Это при советском социализме. Могут сказать, что он искажен диктатурой, и вот есть еще демократический социа­лизм и кибуцный сверх социализм, в которых не работают вышеприведенные формулы. Что касается кибуцного, то мой скромный личный опыт (чти также Ицхака Бен Нера и Беньямина Тамуза) показывает, что хоть формулы и не работают, но отношения людей в нем, тем не менее, могут быть далекими от идеальных, и что там едят иногда друг друга настоль остервенело, что и советский социализм может по­завидовать («Атилия» — И. Бен Нера). Не нужно делать отсюда вывод, что кибуцный социализм хуже советского. Вы­вод просто в том, что никакой социализм не обеспечивает сам по себе человечности человеческих отношений. То же и демократический. Рабочие комитеты надо полагать типично социалистическо - демократическое явление, но то, что вытво­ряет израильский комитет 13, держащий за горло все об­щество в целях групповой наживы, в смысле человечности не отличается от того, в чем мы обвиняем организованную преступность (только та хоть не рядится лицемерно в одежды Леха Валенсы).

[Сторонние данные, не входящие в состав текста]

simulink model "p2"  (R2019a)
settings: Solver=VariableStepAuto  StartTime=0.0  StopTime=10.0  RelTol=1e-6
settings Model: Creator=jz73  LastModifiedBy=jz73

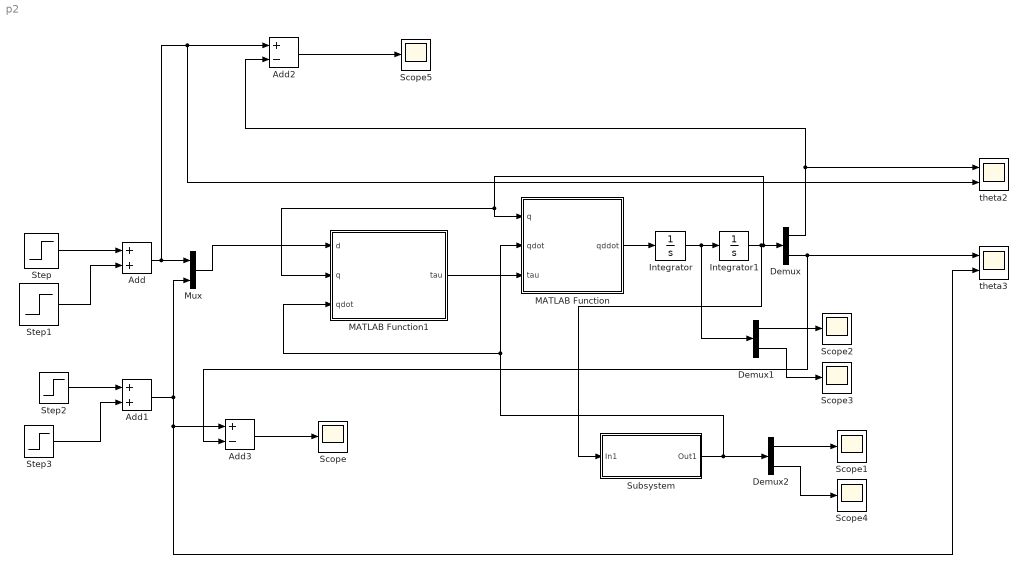
== system p2 ==
  Add : Sum
  Add1 : Sum
  Add2 : Sum  Inputs=+-
  Add3 : Sum  Inputs=+-
  Demux : Demux  Outputs=2
  Demux1 : Demux  Outputs=2
  Demux2 : Demux  Outputs=2
  Integrator : Integrator  InitialCondition=[0 0]
  Integrator1 : Integrator  InitialCondition=[0 0]
  MATLAB Function : MATLAB Function  TreatAsAtomicUnit=on
  MATLAB Function1 : MATLAB Function  TreatAsAtomicUnit=on
  Mux : Mux  Inputs=2
  Scope{,1..5} (6 alike) : Scope
  Step : Step  After=pi/6  SampleTime=0
  Step1 : Step  Time=2  After=-pi/6  SampleTime=0
  Step2 : Step  After=pi/6  SampleTime=0
  Step3 : Step  Time=2  After=-pi/6  SampleTime=0
  Subsystem : Subsystem
  theta2 : Scope  NumInputPorts=2
  theta3 : Scope  NumInputPorts=2
  wires:
  Integrator/1 -> Demux1/1, Integrator1/1
  Demux/1 -> Add2/2, theta2/1
  Demux/2 -> Add3/2, theta3/1
  Integrator1/1 -> Subsystem/1(In1), MATLAB Function/1(q), MATLAB Function1/2(q), Demux/1
  Demux1/1 -> Scope2/1
  Demux1/2 -> Scope3/1
  MATLAB Function/1(qddot) -> Integrator/1
  Subsystem/1(Out1) -> MATLAB Function/2(qdot), MATLAB Function1/3(qdot), Demux2/1
  Demux2/2 -> Scope4/1
  Demux2/1 -> Scope1/1
  Step/1 -> Add/1
  Step1/1 -> Add/2
  Step2/1 -> Add1/1
  Step3/1 -> Add1/2
  MATLAB Function1/1(tau) -> MATLAB Function/3(tau)
  Add1/1 -> Add3/1, theta3/2, Mux/2
  Add/1 -> theta2/2, Add2/1, Mux/1
  Mux/1 -> MATLAB Function1/1(d)
  Add2/1 -> Scope5/1
  Add3/1 -> Scope/1

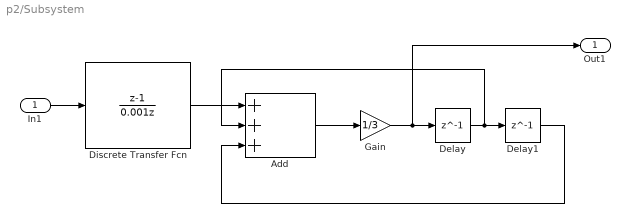
== system p2/Subsystem ==
  In1 : Inport
  Add : Sum  Inputs=+++
  Delay : Delay  DelayLength=1  InitialCondition=0  SampleTime=0.001
  Delay1 : Delay  DelayLength=1  InitialCondition=0  SampleTime=0.001
  Discrete Transfer Fcn : DiscreteTransferFcn  Numerator=[1 -1]  Denominator=[0.001 0]  SampleTime=0.001
  Gain : Gain  Gain=1/3
  Out1 : Outport
  wires:
  In1/1 -> Discrete Transfer Fcn/1
  Add/1 -> Gain/1
  Gain/1 -> Out1/1, Delay/1
  Delay/1 -> Add/2, Delay1/1
  Delay1/1 -> Add/3
  Discrete Transfer Fcn/1 -> Add/1

== matlab function p2/MATLAB Function1 ==
  data: d input; tau output; q input; qdot input
function tau = fcn(d, q,qdot)
    kp=80;
    kd=3;
    t=kp*(d-q)-kd*qdot;
tau = t;

== matlab function p2/MATLAB Function ==
  data: q input; qddot output; qdot input; tau input
function qddot = fcn(q,qdot,tau)
    p1=0.0300; 
    p2=0.0128; 
    p3=0.0076;
    p4=0.0753; 
    p5=0.0298;
    g=9.8;
    
    D=[p1 -p3*sin(q(2)-q(1));
     -p3*sin(q(2)-q(1)) p2];
    C=[0 -p3*cos(q(2)-q(1))*qdot(2);
        p3*cos(q(2)-q(1))*qdot(1) 0];
    G=[-p4*g*sin(q(1));-p5*g*cos(q(2))];
    u=inv(D)*(tau-C*qdot-G);
    
qddot = u;

С другой стороны постулат «Возлюби ближнего своего» был не только сформулирован задолго до победы социализ­ма (даже «в одной стране»), и он не только имеет основание в природе человека и в тех общественных связях, которые не зависят от строя, но он и реализовывался де факто при всех общественных строях, хотя и не всегда в одной мере. Я хочу сказать, что не только между представителями одного и того же класса могла существовать и существовала чело­веческая приязнь (она и между ними вовсе не всегда су­ществует), но и в отношениях между представителями анта­гонистических классов она может существовать, существова­ла и существует, (хотя, конечно, тоже и  тем более не всегда) наряду с антагонизмом классовым и не. Даже между рабовладельцами и рабами могли существовать весьма человечные в смысле приязни отношения в рамках, разумеется, характера эконо­мических отношений, определяемых строем. Описание подоб­ных можно найти в «Хижине дяди Тома» М. Б. Стоун, книге направленной, безусловно, против рабовладения. Отношение помещиков к крепостным тоже не во всех случаях бывало варварски жестоким, бывало и патриархально заботливым с получением обратной приязни от крестьян. И капиталисти­ческие отношения не всегда такие бездушные, как они ви­делись Марксу. Помимо того, что со времен Маркса их без­душность в среднем поубыла вместе с мерой эксплуатации, в Японии, например, эти отношения изначально носили пат­риархальный характер, с заботой предпринимателя о семье рабочего в случае, если он теряет трудоспособность и тому подобное.